We're seeing contention during compilation on the dedupe locks, sharding 4 ways
on an occam brings down contention by > 5x.
Improve dedupe hash function to have a FNV hash function at its heart.
Improve naming of dedupe locks.
Tidy portable JNI compiler paramters to be pointers, given that's their primary
use.

Change-Id: I95d905f2ca5fee4e83a0034926a5f6501b4aeb79
diff --git a/compiler/driver/compiler_driver.cc b/compiler/driver/compiler_driver.cc
index 31aec63..495458e 100644
--- a/compiler/driver/compiler_driver.cc
+++ b/compiler/driver/compiler_driver.cc
@@ -355,7 +355,11 @@
       jni_compiler_(NULL),
       compiler_enable_auto_elf_loading_(NULL),
       compiler_get_method_code_addr_(NULL),
-      support_boot_image_fixup_(true) {
+      support_boot_image_fixup_(true),
+      dedupe_code_("dedupe code"),
+      dedupe_mapping_table_("dedupe mapping table"),
+      dedupe_vmap_table_("dedupe vmap table"),
+      dedupe_gc_map_("dedupe gc map") {
 
   CHECK_PTHREAD_CALL(pthread_key_create, (&tls_key_, NULL), "compiler tls key");
 
diff --git a/compiler/driver/compiler_driver.h b/compiler/driver/compiler_driver.h
index cd6b5fa..c5c53e3 100644
--- a/compiler/driver/compiler_driver.h
+++ b/compiler/driver/compiler_driver.h
@@ -449,27 +449,39 @@
   class DedupeHashFunc {
    public:
     size_t operator()(const std::vector<uint8_t>& array) const {
-      // Take a random sample of bytes.
+      // For small arrays compute a hash using every byte.

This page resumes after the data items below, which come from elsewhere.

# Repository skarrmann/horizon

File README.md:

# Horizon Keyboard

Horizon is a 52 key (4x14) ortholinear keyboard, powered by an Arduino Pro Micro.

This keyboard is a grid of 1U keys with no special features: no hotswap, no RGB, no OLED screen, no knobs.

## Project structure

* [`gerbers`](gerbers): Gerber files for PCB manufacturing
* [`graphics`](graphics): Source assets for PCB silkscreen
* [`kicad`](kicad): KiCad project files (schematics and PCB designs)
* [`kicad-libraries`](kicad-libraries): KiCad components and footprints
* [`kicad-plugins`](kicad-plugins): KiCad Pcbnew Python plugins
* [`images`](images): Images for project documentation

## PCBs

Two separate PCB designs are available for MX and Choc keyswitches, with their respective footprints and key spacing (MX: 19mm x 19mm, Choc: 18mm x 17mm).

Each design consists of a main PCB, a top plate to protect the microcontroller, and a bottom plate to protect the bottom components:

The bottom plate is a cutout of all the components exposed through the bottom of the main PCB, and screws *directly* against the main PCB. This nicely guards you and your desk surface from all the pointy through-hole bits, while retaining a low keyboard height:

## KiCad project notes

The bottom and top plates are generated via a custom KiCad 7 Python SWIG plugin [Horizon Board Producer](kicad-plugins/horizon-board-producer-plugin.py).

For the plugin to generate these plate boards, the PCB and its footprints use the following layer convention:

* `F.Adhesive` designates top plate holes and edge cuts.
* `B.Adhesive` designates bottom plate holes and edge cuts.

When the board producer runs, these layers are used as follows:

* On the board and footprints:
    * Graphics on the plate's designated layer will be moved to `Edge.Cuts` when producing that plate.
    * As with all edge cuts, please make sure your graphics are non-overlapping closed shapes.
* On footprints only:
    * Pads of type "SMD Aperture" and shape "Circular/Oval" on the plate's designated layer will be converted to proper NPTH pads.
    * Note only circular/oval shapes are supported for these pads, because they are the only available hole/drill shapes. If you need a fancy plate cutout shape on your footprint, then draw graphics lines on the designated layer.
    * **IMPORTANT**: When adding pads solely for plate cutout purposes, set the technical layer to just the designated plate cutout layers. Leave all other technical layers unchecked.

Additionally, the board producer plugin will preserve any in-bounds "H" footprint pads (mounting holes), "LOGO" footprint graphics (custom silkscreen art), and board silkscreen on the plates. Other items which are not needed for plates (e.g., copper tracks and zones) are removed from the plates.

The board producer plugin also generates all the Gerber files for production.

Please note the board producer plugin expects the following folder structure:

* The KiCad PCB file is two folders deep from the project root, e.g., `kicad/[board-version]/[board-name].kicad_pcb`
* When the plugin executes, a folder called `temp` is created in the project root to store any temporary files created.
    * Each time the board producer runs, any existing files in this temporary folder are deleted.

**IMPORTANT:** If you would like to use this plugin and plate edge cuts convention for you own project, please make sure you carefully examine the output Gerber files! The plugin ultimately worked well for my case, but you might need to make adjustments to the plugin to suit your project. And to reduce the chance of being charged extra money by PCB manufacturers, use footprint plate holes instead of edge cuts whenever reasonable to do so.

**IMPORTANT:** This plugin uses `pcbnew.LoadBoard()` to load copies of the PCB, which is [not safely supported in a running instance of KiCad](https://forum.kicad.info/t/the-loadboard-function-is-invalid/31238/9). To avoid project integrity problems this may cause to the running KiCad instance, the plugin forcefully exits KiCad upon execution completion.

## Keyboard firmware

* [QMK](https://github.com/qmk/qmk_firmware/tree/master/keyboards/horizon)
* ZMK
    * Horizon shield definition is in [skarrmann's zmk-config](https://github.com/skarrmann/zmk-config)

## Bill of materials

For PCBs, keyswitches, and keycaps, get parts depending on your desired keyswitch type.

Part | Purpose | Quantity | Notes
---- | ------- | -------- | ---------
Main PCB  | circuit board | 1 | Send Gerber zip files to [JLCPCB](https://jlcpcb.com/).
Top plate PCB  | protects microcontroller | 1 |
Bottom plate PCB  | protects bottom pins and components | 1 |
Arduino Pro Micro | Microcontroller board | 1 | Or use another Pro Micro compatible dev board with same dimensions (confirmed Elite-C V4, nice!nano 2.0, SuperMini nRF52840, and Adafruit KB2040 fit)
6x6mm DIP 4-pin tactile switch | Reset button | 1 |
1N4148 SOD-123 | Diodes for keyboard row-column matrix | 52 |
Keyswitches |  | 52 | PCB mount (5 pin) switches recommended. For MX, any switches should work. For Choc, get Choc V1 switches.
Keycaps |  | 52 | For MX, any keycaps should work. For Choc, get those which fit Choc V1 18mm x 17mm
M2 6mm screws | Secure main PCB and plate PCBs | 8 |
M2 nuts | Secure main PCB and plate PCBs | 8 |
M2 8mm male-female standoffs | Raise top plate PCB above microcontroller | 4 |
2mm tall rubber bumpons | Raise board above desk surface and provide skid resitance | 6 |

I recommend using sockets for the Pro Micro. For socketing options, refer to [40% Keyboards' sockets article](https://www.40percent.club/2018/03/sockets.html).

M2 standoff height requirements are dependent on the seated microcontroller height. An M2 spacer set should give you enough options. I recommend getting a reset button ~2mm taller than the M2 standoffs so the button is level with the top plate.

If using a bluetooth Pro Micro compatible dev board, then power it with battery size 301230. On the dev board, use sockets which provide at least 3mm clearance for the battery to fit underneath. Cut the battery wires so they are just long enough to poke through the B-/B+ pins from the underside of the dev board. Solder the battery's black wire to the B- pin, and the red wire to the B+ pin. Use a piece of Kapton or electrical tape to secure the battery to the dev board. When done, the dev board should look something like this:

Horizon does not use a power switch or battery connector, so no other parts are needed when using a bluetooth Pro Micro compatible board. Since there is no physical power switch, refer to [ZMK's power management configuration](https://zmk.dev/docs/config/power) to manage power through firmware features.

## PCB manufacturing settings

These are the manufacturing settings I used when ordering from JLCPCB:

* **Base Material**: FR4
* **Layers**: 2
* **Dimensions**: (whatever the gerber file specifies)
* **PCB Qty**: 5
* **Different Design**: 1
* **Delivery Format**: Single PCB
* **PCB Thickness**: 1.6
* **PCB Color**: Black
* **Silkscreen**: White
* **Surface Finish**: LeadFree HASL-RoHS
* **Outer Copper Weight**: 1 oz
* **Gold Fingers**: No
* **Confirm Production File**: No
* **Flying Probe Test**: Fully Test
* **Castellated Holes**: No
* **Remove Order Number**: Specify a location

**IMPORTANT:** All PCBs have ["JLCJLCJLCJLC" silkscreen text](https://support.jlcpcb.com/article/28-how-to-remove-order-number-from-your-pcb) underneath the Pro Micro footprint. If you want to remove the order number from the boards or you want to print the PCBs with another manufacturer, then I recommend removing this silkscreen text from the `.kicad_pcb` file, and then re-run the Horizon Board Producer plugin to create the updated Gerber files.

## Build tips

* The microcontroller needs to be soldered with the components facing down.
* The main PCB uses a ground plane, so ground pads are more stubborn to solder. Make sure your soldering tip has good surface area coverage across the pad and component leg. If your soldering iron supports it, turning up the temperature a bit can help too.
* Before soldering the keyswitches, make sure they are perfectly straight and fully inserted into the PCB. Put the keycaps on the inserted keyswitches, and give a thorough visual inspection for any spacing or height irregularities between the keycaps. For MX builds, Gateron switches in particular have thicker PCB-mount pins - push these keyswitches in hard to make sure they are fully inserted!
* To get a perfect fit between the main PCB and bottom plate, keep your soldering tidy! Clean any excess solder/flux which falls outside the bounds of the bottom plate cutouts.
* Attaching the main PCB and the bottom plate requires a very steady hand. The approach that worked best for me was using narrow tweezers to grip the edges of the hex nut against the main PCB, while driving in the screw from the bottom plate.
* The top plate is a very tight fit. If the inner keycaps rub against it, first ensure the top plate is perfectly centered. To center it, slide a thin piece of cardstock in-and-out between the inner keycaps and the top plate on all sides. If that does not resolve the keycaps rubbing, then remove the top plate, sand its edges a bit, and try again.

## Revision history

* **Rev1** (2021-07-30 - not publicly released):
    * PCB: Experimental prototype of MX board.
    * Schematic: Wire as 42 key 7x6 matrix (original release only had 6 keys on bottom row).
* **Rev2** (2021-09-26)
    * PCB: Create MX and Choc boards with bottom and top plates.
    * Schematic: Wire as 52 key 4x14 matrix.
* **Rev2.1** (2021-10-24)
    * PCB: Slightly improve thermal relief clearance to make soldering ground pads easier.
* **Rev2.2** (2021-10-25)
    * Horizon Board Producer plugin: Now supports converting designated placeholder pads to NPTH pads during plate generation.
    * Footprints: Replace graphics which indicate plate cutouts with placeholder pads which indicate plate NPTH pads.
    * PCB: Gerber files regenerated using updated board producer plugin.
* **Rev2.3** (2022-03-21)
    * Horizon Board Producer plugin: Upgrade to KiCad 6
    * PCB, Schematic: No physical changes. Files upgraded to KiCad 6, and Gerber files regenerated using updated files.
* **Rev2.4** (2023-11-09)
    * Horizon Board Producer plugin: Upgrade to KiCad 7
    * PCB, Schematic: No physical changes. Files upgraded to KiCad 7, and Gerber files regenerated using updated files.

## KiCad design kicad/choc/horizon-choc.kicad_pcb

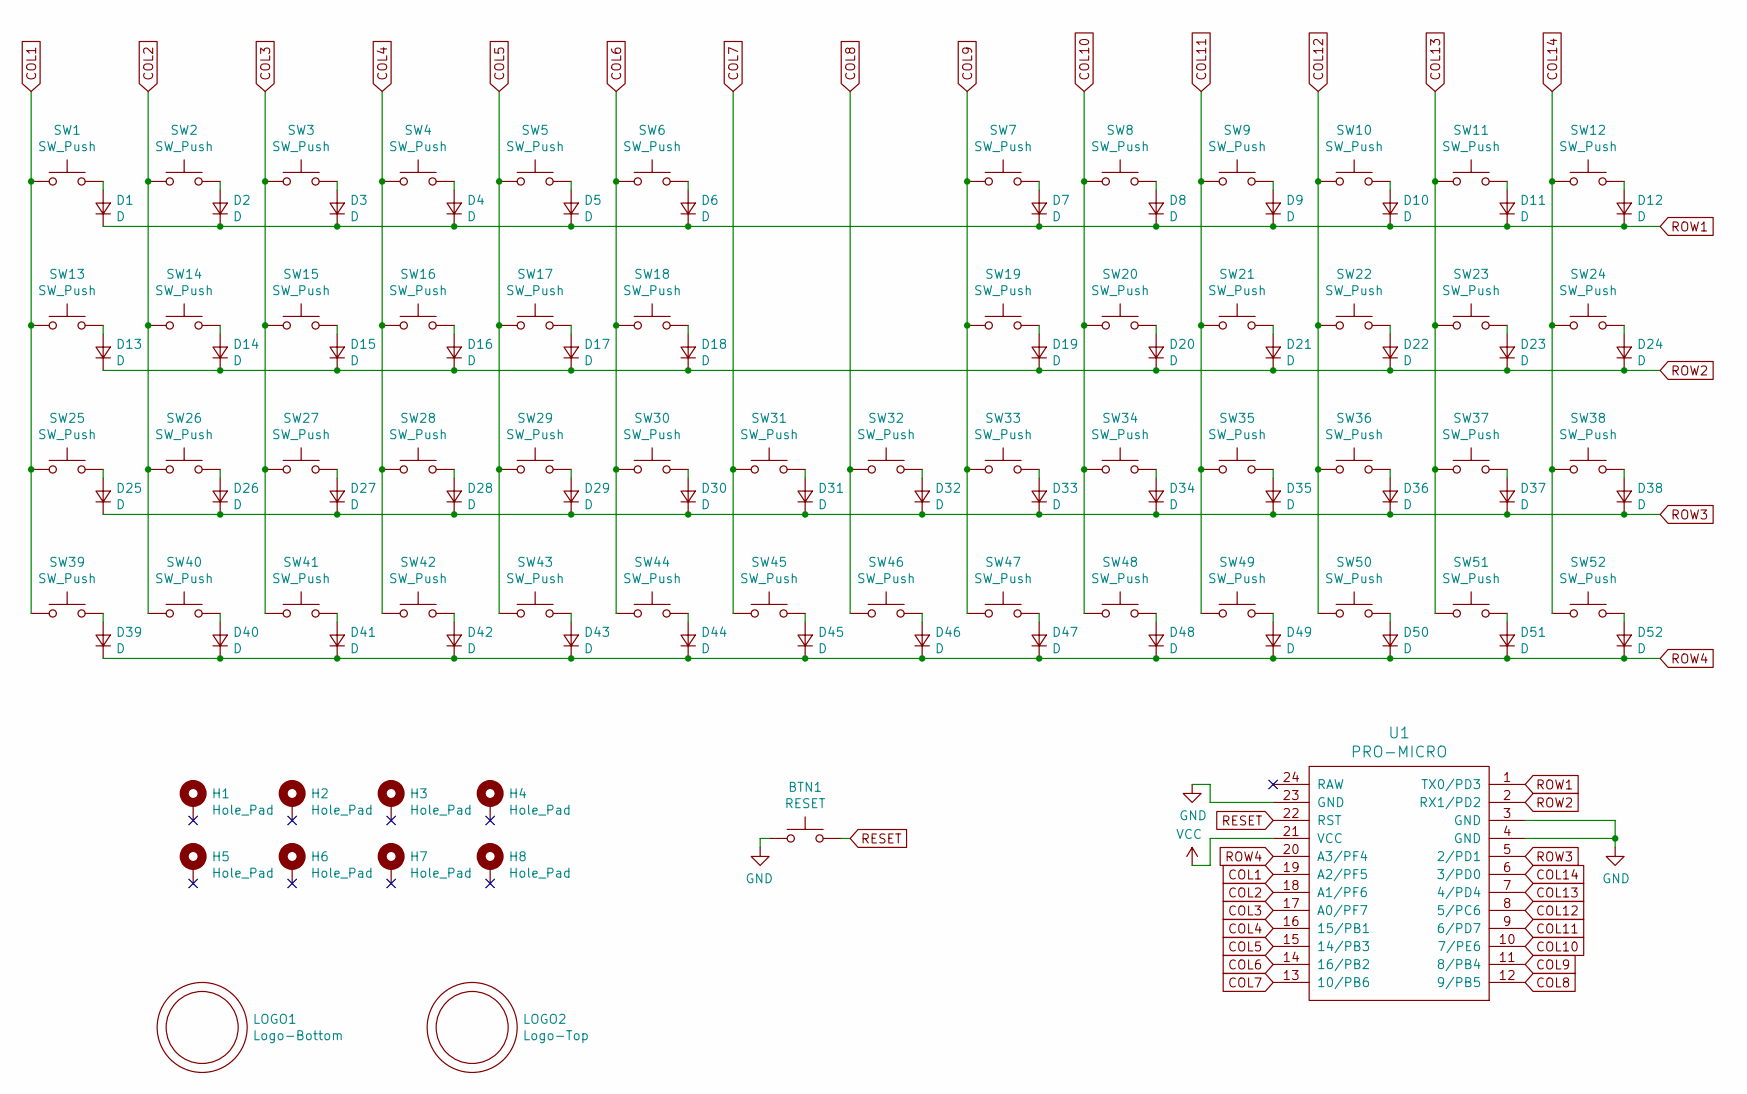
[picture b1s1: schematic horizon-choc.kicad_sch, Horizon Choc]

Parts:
BTN1: RESET; SW_Push_6mm
D1, D2, D3, D4, D5, D6, D7, D8, D9, D10, D11, D12, D13, D14, D15, D16, D17, D18, D19, D20, D21, D22, D23, D24, D25, D26, D27, D28, D29, D30, D31, D32, D33, D34, D35, D36, D37, D38, D39, D40, D41, D42, D43, D44, D45, D46, D47, D48, D49, D50, D51, D52: D; D_SOD-123
H1, H2, H3, H4, H5, H6, H7, H8: Hole_Pad; Mount_M2
LOGO1: Logo-Bottom; Logo_Horizon_Small
LOGO2: Logo-Top; Logo_Horizon_H
SW1, SW2, SW3, SW4, SW5, SW6, SW7, SW8, SW9, SW10, SW11, SW12, SW13, SW14, SW15, SW16, SW17, SW18, SW19, SW20, SW21, SW22, SW23, SW24, SW25, SW26, SW27, SW28, SW29, SW30, SW31, SW32, SW33, SW34, SW35, SW36, SW37, SW38, SW39, SW40, SW41, SW42, SW43, SW44, SW45, SW46, SW47, SW48, SW49, SW50, SW51, SW52: SW_Push; SW_Choc
U1: PRO-MICRO; Pro-Micro

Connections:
COL1: SW1.1, SW13.1, SW25.1, SW39.1, U1.19 (A2/PF5)
COL2: SW2.1, SW14.1, SW26.1, SW40.1, U1.18 (A1/PF6)
COL3: SW3.1, SW15.1, SW27.1, SW41.1, U1.17 (A0/PF7)
COL4: SW4.1, SW16.1, SW28.1, SW42.1, U1.16 (15/PB1)
COL5: SW5.1, SW17.1, SW29.1, SW43.1, U1.15 (14/PB3)
COL6: SW6.1, SW18.1, SW30.1, SW44.1, U1.14 (16/PB2)
COL7: SW31.1, SW45.1, U1.13 (10/PB6)
COL8: SW32.1, SW46.1, U1.12 (9/PB5)
COL9: SW7.1, SW19.1, SW33.1, SW47.1, U1.11 (8/PB4)
COL10: SW8.1, SW20.1, SW34.1, SW48.1, U1.10 (7/PE6)
COL11: SW9.1, SW21.1, SW35.1, SW49.1, U1.9 (6/PD7)
COL12: SW10.1, SW22.1, SW36.1, SW50.1, U1.8 (5/PC6)
COL13: SW11.1, SW23.1, SW37.1, SW51.1, U1.7 (4/PD4)
COL14: SW12.1, SW24.1, SW38.1, SW52.1, U1.6 (3/PD0)
GND: BTN1.2, U1.3 (GND), U1.4 (GND), U1.23 (GND)
unnamed: D1.2 (A), SW1.2
unnamed: D2.2 (A), SW2.2
unnamed: D3.2 (A), SW3.2
unnamed: D4.2 (A), SW4.2
unnamed: D5.2 (A), SW5.2
unnamed: D6.2 (A), SW6.2
unnamed: D7.2 (A), SW7.2
unnamed: D8.2 (A), SW8.2
unnamed: D9.2 (A), SW9.2
unnamed: D10.2 (A), SW10.2
unnamed: D11.2 (A), SW11.2
unnamed: D12.2 (A), SW12.2
unnamed: D13.2 (A), SW13.2
unnamed: D14.2 (A), SW14.2
unnamed: D15.2 (A), SW15.2
unnamed: D16.2 (A), SW16.2
unnamed: D17.2 (A), SW17.2
unnamed: D18.2 (A), SW18.2
unnamed: D19.2 (A), SW19.2
unnamed: D20.2 (A), SW20.2
unnamed: D21.2 (A), SW21.2
unnamed: D22.2 (A), SW22.2
unnamed: D23.2 (A), SW23.2
unnamed: D24.2 (A), SW24.2
unnamed: D25.2 (A), SW25.2
unnamed: D26.2 (A), SW26.2
unnamed: D27.2 (A), SW27.2
unnamed: D28.2 (A), SW28.2
unnamed: D29.2 (A), SW29.2
unnamed: D30.2 (A), SW30.2
unnamed: D31.2 (A), SW31.2
unnamed: D32.2 (A), SW32.2
unnamed: D33.2 (A), SW33.2
unnamed: D34.2 (A), SW34.2
unnamed: D35.2 (A), SW35.2
unnamed: D36.2 (A), SW36.2
unnamed: D37.2 (A), SW37.2
unnamed: D38.2 (A), SW38.2
unnamed: D39.2 (A), SW39.2
unnamed: D40.2 (A), SW40.2
unnamed: D41.2 (A), SW41.2
unnamed: D42.2 (A), SW42.2
unnamed: D43.2 (A), SW43.2
unnamed: D44.2 (A), SW44.2
unnamed: D45.2 (A), SW45.2
unnamed: D46.2 (A), SW46.2
unnamed: D47.2 (A), SW47.2
unnamed: D48.2 (A), SW48.2
unnamed: D49.2 (A), SW49.2
unnamed: D50.2 (A), SW50.2
unnamed: D51.2 (A), SW51.2
unnamed: D52.2 (A), SW52.2
RESET: BTN1.1, U1.22 (RST)
ROW1: D1.1 (K), D2.1 (K), D3.1 (K), D4.1 (K), D5.1 (K), D6.1 (K), D7.1 (K), D8.1 (K), D9.1 (K), D10.1 (K), D11.1 (K), D12.1 (K), U1.1 (TX0/PD3)
ROW2: D13.1 (K), D14.1 (K), D15.1 (K), D16.1 (K), D17.1 (K), D18.1 (K), D19.1 (K), D20.1 (K), D21.1 (K), D22.1 (K), D23.1 (K), D24.1 (K), U1.2 (RX1/PD2)
ROW3: D25.1 (K), D26.1 (K), D27.1 (K), D28.1 (K), D29.1 (K), D30.1 (K), D31.1 (K), D32.1 (K), D33.1 (K), D34.1 (K), D35.1 (K), D36.1 (K), D37.1 (K), D38.1 (K), U1.5 (2/PD1)
ROW4: D39.1 (K), D40.1 (K), D41.1 (K), D42.1 (K), D43.1 (K), D44.1 (K), D45.1 (K), D46.1 (K), D47.1 (K), D48.1 (K), D49.1 (K), D50.1 (K), D51.1 (K), D52.1 (K), U1.20 (A3/PF4)

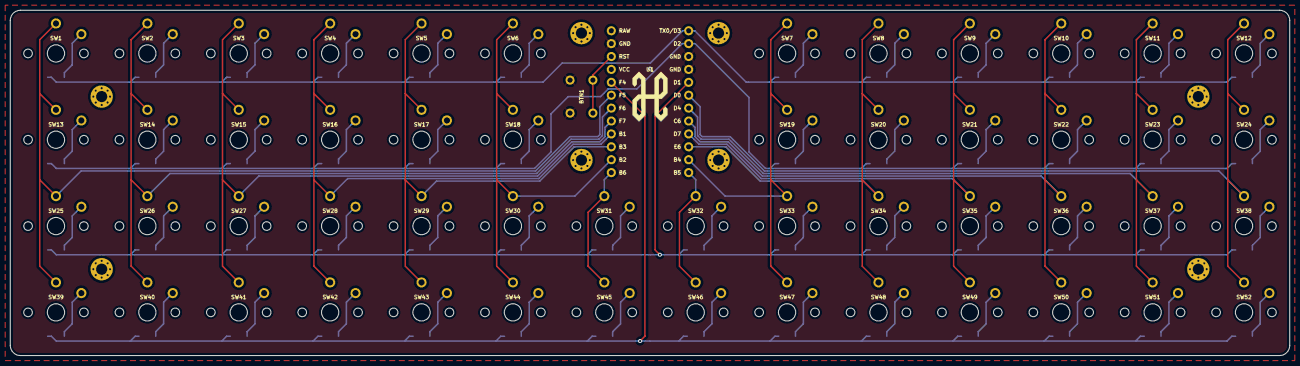
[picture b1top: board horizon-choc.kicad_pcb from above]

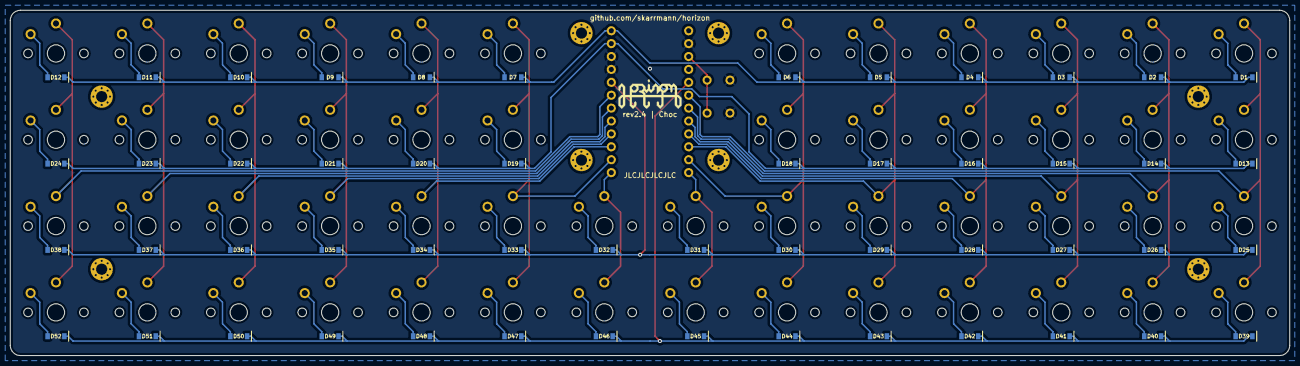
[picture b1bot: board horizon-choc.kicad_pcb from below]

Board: 2 copper layers, 252.0 x 68.0 mm, 116 parts (53 on the bottom side), 72 nets.

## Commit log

2021-08-09 Fix relative path of gerber file output
2021-08-22 Begin revision 2
2021-08-24 Create bottom plate board. Begin laying out Choc switch board. Clean up footprints and remove unused ones
2021-08-25 Adjust center component layout for MX and Choc consistency.
2021-08-26 Route traces on choc version
2021-08-28 Route Choc board with diodes in center
2021-09-03 Use 50 key layout on MX version
2021-09-04 Clean up MX version before overhaul
2021-09-06 Implement battery on Choc version, plus bottom and top PCBs
2021-09-08 Use 50-key layout
2021-09-12 Layout MX PCB
2021-09-13 Mark bottom plate cutout on footprint adhesive layer. Begin writing bottom plate generation script
2021-09-13 Distinguish between top and bottom cuts with front/back adhesive layers
2021-09-13 Mark top and bottom plate border edge cuts on boards with adhesive layers
2021-09-18 Update plate outlines. Remove battery from Choc design for now
2021-09-19 Clean up plate cuts, update MX board with battery removed
2021-09-20 Create board producer script to generate plates, gerbers, and drill files
2021-09-20 Write usage instructions for board producer script
2021-09-21 Convert board generator script into KiCAD PcbNew plugin
2021-09-25 Preserve logos on plate PCBs
2021-09-25 Remove unused footprints and other files. Update readme. Prepare for production!
2021-09-25 Remove generated files
2021-09-25 Only output gerber zip files in gerbers folder, and put all other production files in gitignored temp folder
2021-09-26 Note extra PCB charge from JLCPCB
2021-10-09 Add photos and clean up readme
2021-10-09 Fix KiCAD plugin URL in readme
2021-10-09 Additional readme cleanup
2021-10-10 Note QMK keyboard definition is an open PR
2021-10-11 Add build note about keyswitch insertion (Gateron MX in particular)
2021-10-11 Update firmware listing with QMK repo link
2021-10-11 Add rubber bumpons to BOM
2021-10-13 Remove unused schematic symbols
2021-10-13 Add title block to schematic and PCB files
2021-10-16 Update readme with project structure, PCB manufacturing settings
2021-10-16 Rename photos to images
2021-10-16 Fix JLCPCB Gerber preview note
2021-10-16 Change PCB design file page size to A4
2021-10-21 Use relative paths for KiCad libraries. Fix name case on push button footprint
2021-10-23 Document board producer code and add MIT copyright header
2021-10-24 Add notes about using LiPo battery, and clarify pro micro board support)
2021-10-24 PCB revision 2.1, document revisions
2021-10-24 Format revision history
2021-10-26 Rev 2.2 - Update board producer to support footprint NPTH creation for plates
2021-10-26 Non-functional change: Clean up internal order of MX switch footprint pads
2021-10-26 Update board producer to use oval holes drill mode - use alternate drill mode for JLCPCB (https://support.jlcpcb.com/article/149-how-to-generate-gerber-and-drill-files-in-kicad)
2021-10-27 Clean up board producer temp path to ensure stale files are not included in Gerber zip
2021-10-28 Update ZMK firmware status
2021-11-15 Ensure board producer temp folder exists before cleaning
2021-12-09 Document plugin's expected folder structure.
2021-12-26 Check for existence of plate bounds before generating plate
2022-01-03 Clarify current KiCad version support
2022-02-05 Experiment with KiCad 6 migration (plugin currently fails)
2022-03-19 Resave Choc board with updated library footprints
2022-03-19 Get producer plugin 'working' to the point of not segfaulting. It still produces bad output
2022-03-20 Create functional plugin which creates new boards (not copies of the main) for the plates
2022-03-21 Get the plugin working with the modify existing board copy approach. Currently-opened project is still mutated as unwanted side effect
2022-03-21 Handle board copy with file system. Show complete dialog when plugin finishes
2022-03-21 Gitignore KiCad backups folder
2022-03-21 Update projects to KiCad 6 and regenerate gerbers
2022-03-21 Upgrade revision to 2.3. Remove KiCad 5 files
2022-03-21 Update KiCad project notes to reflect KiCad 6 changes
2022-03-21 Clarify 2.3 makes no physical changes to PCB and schematic
2022-03-21 Use KiCad 6 symbol library format
2022-03-22 Remove obsolete note about manufacturing cost
2022-06-25 Update keyswitch and keycaps vendor URLs
2022-07-22 Update BOM vendor links
2023-11-02 Change switch vendor.
2023-11-02 Remove vendor URLs
2023-11-10 Upgrade plugin and project files to KiCad 7
2024-02-27 Add build tip for the microcontroller orientation
2024-09-28 Add bluetooth dev board battery installation notes and photo
2024-09-28 Note there is no power switch or battery connector, link to ZMK power management configuraton

       static const size_t kSmallArrayThreshold = 16;
-      static const size_t kRandomHashCount = 16;
-      size_t hash = 0;
-      if (array.size() < kSmallArrayThreshold) {
-        for (auto c : array) {
-          hash = hash * 54 + c;
+      size_t hash = 0x811c9dc5;
+      if (array.size() <= kSmallArrayThreshold) {
+        for (uint8_t b : array) {
+          hash = (hash * 16777619) ^ b;
         }
       } else {
-        for (size_t i = 0; i < kRandomHashCount; ++i) {
+        // For larger arrays use the first 4 bytes and then select a number of other values at
+        // random.
+        static const size_t kRandomHashCount = 16;
+        for (size_t i = 0; i < 4; ++i) {
+          uint8_t b = array[i];
+          hash = (hash * 16777619) ^ b;
+        }
+        for (size_t i = 4; i < kRandomHashCount; ++i) {
           size_t r = i * 1103515245 + 12345;
-          hash = hash * 54 + array[r % array.size()];
+          uint8_t b = array[r % array.size()];
+          hash = (hash * 16777619) ^ b;
         }
       }
+      hash += hash << 13;
+      hash ^= hash >> 7;
+      hash += hash << 3;
+      hash ^= hash >> 17;
+      hash += hash << 5;
       return hash;
     }
   };
-  DedupeSet<std::vector<uint8_t>, size_t, DedupeHashFunc> dedupe_code_;
-  DedupeSet<std::vector<uint8_t>, size_t, DedupeHashFunc> dedupe_mapping_table_;
-  DedupeSet<std::vector<uint8_t>, size_t, DedupeHashFunc> dedupe_vmap_table_;
-  DedupeSet<std::vector<uint8_t>, size_t, DedupeHashFunc> dedupe_gc_map_;
+  DedupeSet<std::vector<uint8_t>, size_t, DedupeHashFunc, 4> dedupe_code_;
+  DedupeSet<std::vector<uint8_t>, size_t, DedupeHashFunc, 4> dedupe_mapping_table_;
+  DedupeSet<std::vector<uint8_t>, size_t, DedupeHashFunc, 4> dedupe_vmap_table_;
+  DedupeSet<std::vector<uint8_t>, size_t, DedupeHashFunc, 4> dedupe_gc_map_;
 
   DISALLOW_COPY_AND_ASSIGN(CompilerDriver);
 };
diff --git a/compiler/jni/portable/jni_compiler.cc b/compiler/jni/portable/jni_compiler.cc
index 43408a7..0c14346 100644
--- a/compiler/jni/portable/jni_compiler.cc
+++ b/compiler/jni/portable/jni_compiler.cc
@@ -50,9 +50,9 @@
 using ::art::llvm::runtime_support::RuntimeId;
 
 JniCompiler::JniCompiler(LlvmCompilationUnit* cunit,
-                         CompilerDriver& driver,
+                         CompilerDriver* driver,
                          const DexCompilationUnit* dex_compilation_unit)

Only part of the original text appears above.